MusER: Musical Element-Based Regularization for Generating Symbolic Music with Emotion

Generating music with emotion is an important task in automatic music generation, in which emotion is evoked through a variety of musical elements (such as pitch and duration) that change over time and collaborate with each other. However, prior research on deep learning-based emotional music generation has rarely explored the contribution of different musical elements to emotions, let alone the deliberate manipulation of these elements to alter the emotion of music, which is not conducive to fine-grained element-level control over emotions. To address this gap, we present a novel approach employing musical element-based regularization in the latent space to disentangle distinct elements, investigate their roles in distinguishing emotions, and further manipulate elements to alter musical emotions. Specifically, we propose a novel VQ-VAE-based model named MusER. MusER incorporates a regularization loss to enforce the correspondence between the musical element sequences and the specific dimensions of latent variable sequences, providing a new solution for disentangling discrete sequences. Taking advantage of the disentangled latent vectors, a two-level decoding strategy that includes multiple decoders attending to latent vectors with different semantics is devised to better predict the elements. By visualizing latent space, we conclude that MusER yields a disentangled and interpretable latent space and gain insights into the contribution of distinct elements to the emotional dimensions (i.e., arousal and valence). Experimental results demonstrate that MusER outperforms the state-of-the-art models for generating emotional music in both objective and subjective evaluation. Besides, we rearrange music through element transfer and attempt to alter the emotion of music by transferring emotion-distinguishable elements.
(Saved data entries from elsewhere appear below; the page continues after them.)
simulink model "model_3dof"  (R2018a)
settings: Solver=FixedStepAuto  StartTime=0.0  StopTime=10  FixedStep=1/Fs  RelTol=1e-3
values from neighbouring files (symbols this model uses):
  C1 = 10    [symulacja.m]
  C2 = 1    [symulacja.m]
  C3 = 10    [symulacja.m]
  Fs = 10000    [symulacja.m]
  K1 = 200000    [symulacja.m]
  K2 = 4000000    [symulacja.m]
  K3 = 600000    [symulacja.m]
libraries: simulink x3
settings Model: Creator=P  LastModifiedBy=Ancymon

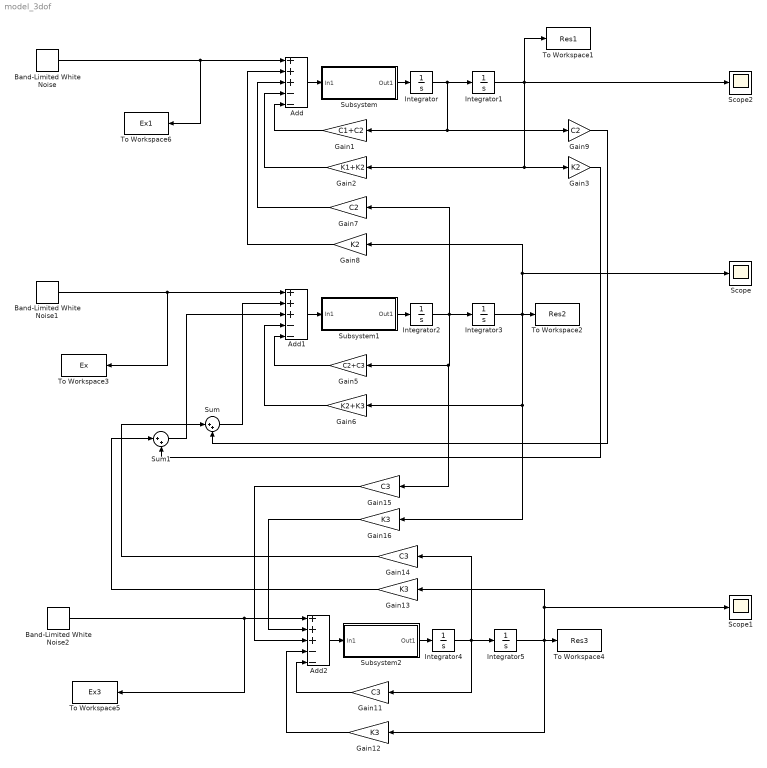
== system model_3dof ==
  Add : Sum  Inputs=+++--
  Add1 : Sum  Inputs=+++--
  Add2 : Sum  Inputs=+++--
  Band-Limited White Noise : simulink/Sources/Band-Limited White Noise  Cov=[0.1]  Ts=1/Fs  seed=[23341]
  Band-Limited White Noise1 : simulink/Sources/Band-Limited White Noise  Cov=[0.1]  Ts=1/Fs  seed=[23341]
  Band-Limited White Noise2 : simulink/Sources/Band-Limited White Noise  Cov=[0.1]  Ts=1/Fs  seed=[23341]
  Gain1 : Gain  Gain=C1+C2
  Gain11 : Gain  Gain=C3
  Gain12 : Gain  Gain=K3
  Gain13 : Gain  Gain=K3
  Gain14 : Gain  Gain=C3
  Gain15 : Gain  Gain=C3
  Gain16 : Gain  Gain=K3
  Gain2 : Gain  Gain=K1+K2
  Gain3 : Gain  Gain=K2
  Gain5 : Gain  Gain=C2+C3
  Gain6 : Gain  Gain=K2+K3
  Gain7 : Gain  Gain=C2
  Gain8 : Gain  Gain=K2
  Gain9 : Gain  Gain=C2
  Integrator{,1..5} (6 alike) : Integrator
  Scope : Scope
  Scope1 : Scope
  Scope2 : Scope
  Subsystem : Subsystem
  Subsystem1 : Subsystem
  Subsystem2 : Subsystem
  Sum : Sum  Inputs=|++
  Sum1 : Sum  Inputs=|++
  To Workspace1 : ToWorkspace  VariableName=Res1  SampleTime=-1
  To Workspace2 : ToWorkspace  VariableName=Res2  SampleTime=-1
  To Workspace3 : ToWorkspace  VariableName=Ex  SampleTime=-1
  To Workspace4 : ToWorkspace  VariableName=Res3  SampleTime=-1
  To Workspace5 : ToWorkspace  VariableName=Ex3  SampleTime=-1
  To Workspace6 : ToWorkspace  VariableName=Ex1  SampleTime=-1
  wires:
  Integrator/1 -> Gain9/1, Gain1/1, Integrator1/1
  Gain1/1 -> Add/5
  Gain2/1 -> Add/4
  Integrator1/1 -> Scope2/1, To Workspace1/1, Gain3/1, Gain2/1
  Integrator2/1 -> Gain7/1, Gain15/1, Gain5/1, Integrator3/1
  Integrator3/1 -> Gain8/1, Scope/1, Gain16/1, Gain6/1, To Workspace2/1
  Gain5/1 -> Add1/5
  Gain6/1 -> Add1/4
  Gain7/1 -> Add/3
  Gain8/1 -> Add/2
  Gain3/1 -> Sum1/2
  Gain9/1 -> Sum/2
  Band-Limited White Noise/1 -> To Workspace6/1, Add/1
  Band-Limited White Noise1/1 -> To Workspace3/1, Add1/1
  Band-Limited White Noise2/1 -> To Workspace5/1, Add2/1
  Integrator4/1 -> Gain14/1, Gain11/1, Integrator5/1
  Gain11/1 -> Add2/5
  Gain12/1 -> Add2/4
  Integrator5/1 -> Scope1/1, Gain13/1, Gain12/1, To Workspace4/1
  Gain14/1 -> Sum/1
  Gain13/1 -> Sum1/1
  Sum/1 -> Add1/2
  Sum1/1 -> Add1/3
  Gain15/1 -> Add2/3
  Gain16/1 -> Add2/2
  Subsystem/1(Out1) -> Integrator/1
  Add/1 -> Subsystem/1(In1)
  Add2/1 -> Subsystem2/1(In1)
  Subsystem2/1(Out1) -> Integrator4/1
  Add1/1 -> Subsystem1/1(In1)
  Subsystem1/1(Out1) -> Integrator2/1

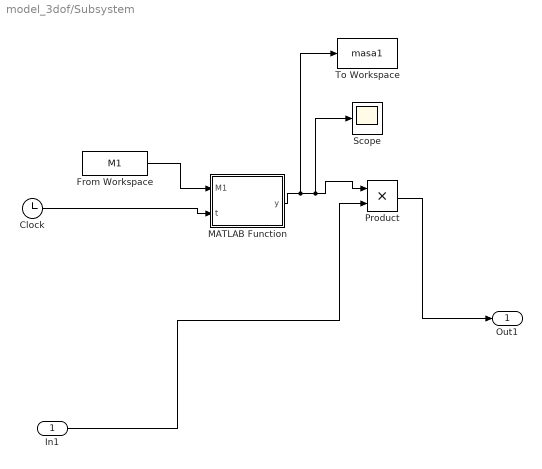
== system model_3dof/Subsystem ==
  In1 : Inport
  Clock : Clock
  From Workspace : FromWorkspace  VariableName=M1  SampleTime=0
  MATLAB Function : MATLAB Function  TreatAsAtomicUnit=on
  Product : Product
  Scope : Scope
  To Workspace : ToWorkspace  VariableName=masa1  SampleTime=-1
  Out1 : Outport
  wires:
  Clock/1 -> MATLAB Function/2(t)
  MATLAB Function/1(y) -> To Workspace/1, Product/1, Scope/1
  Product/1 -> Out1/1
  In1/1 -> Product/2
  From Workspace/1 -> MATLAB Function/1(M1)

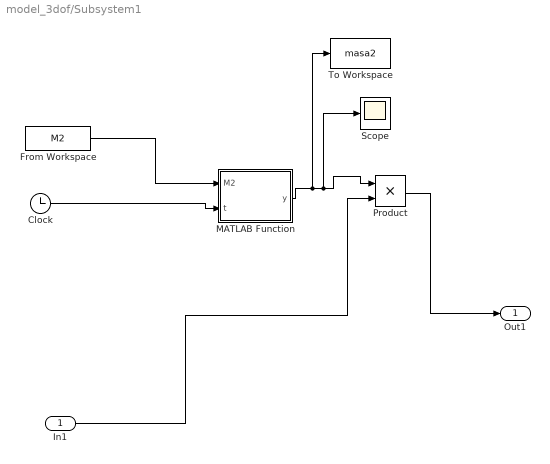
== system model_3dof/Subsystem1 ==
  In1 : Inport
  Clock : Clock
  From Workspace : FromWorkspace  VariableName=M2  SampleTime=0
  MATLAB Function : MATLAB Function  TreatAsAtomicUnit=on
  Product : Product
  Scope : Scope
  To Workspace : ToWorkspace  VariableName=masa2  SampleTime=-1
  Out1 : Outport
  wires:
  Clock/1 -> MATLAB Function/2(t)
  MATLAB Function/1(y) -> To Workspace/1, Product/1, Scope/1
  Product/1 -> Out1/1
  In1/1 -> Product/2
  From Workspace/1 -> MATLAB Function/1(M2)

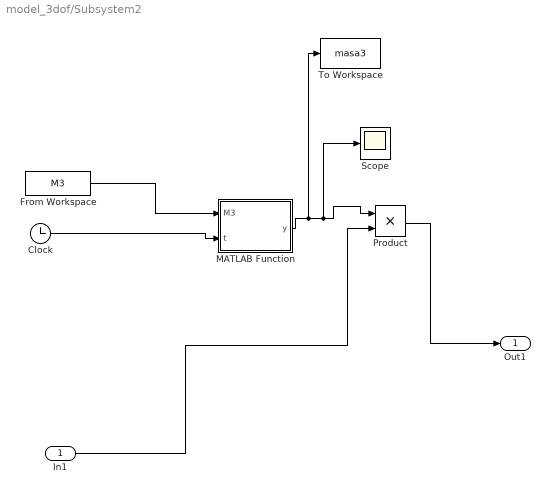
== system model_3dof/Subsystem2 ==
  In1 : Inport
  Clock : Clock
  From Workspace : FromWorkspace  VariableName=M3  SampleTime=0
  MATLAB Function : MATLAB Function  TreatAsAtomicUnit=on
  Product : Product
  Scope : Scope
  To Workspace : ToWorkspace  VariableName=masa3  SampleTime=-1
  Out1 : Outport
  wires:
  Clock/1 -> MATLAB Function/2(t)
  MATLAB Function/1(y) -> To Workspace/1, Product/1, Scope/1
  Product/1 -> Out1/1
  In1/1 -> Product/2
  From Workspace/1 -> MATLAB Function/1(M3)

== matlab function model_3dof/Subsystem/MATLAB Function ==
  data: M1 input; y output; t input
function y = fcn(M1,t)

y = 1/(M1+20*t);

== matlab function model_3dof/Subsystem1/MATLAB Function ==
  data: M2 input; y output; t input
function y = fcn(M2,t)

y = 1/abs(M2+80*t);

== matlab function model_3dof/Subsystem2/MATLAB Function ==
  data: M3 input; y output; t input
function y = fcn(M3,t)

y = 1/abs(M3-40*t);

翻译：带情感的音乐生成是自动音乐生成领域的重要任务，其中情感通过多种随时间变化且相互协作的音乐元素（如音高和时值）得以激发。然而，现有基于深度学习的带情感音乐生成研究鲜少探索不同音乐元素对情感的贡献，更未涉及通过人为调控这些元素来改变音乐情感的方法，这不利于对情感的细粒度元素级控制。为填补这一空白，我们提出一种创新方法，通过在隐空间中采用基于音乐元素的正则化来解耦不同元素，探究其在区分情感中的作用，并进一步通过操控元素来改变音乐情感。具体而言，我们提出一种基于VQ-VAE的新型模型MusER。MusER引入正则化损失函数，强制音乐元素序列与隐变量序列的特定维度对应，为离散序列解耦提供了新方案。借助解耦后的隐向量，我们设计了包含多个解码器的两级解码策略，这些解码器可关注不同语义的隐向量以更优地预测元素。通过隐空间可视化，我们证明MusER可产生解耦且可解释的隐空间，并深入理解不同元素对情感维度（即唤醒度和效价）的贡献。实验结果表明，MusER在客观和主观评估中均优于现有最先进的带情感音乐生成模型。此外，我们通过元素迁移重组音乐，并尝试通过迁移情感可区分元素来改变音乐情感。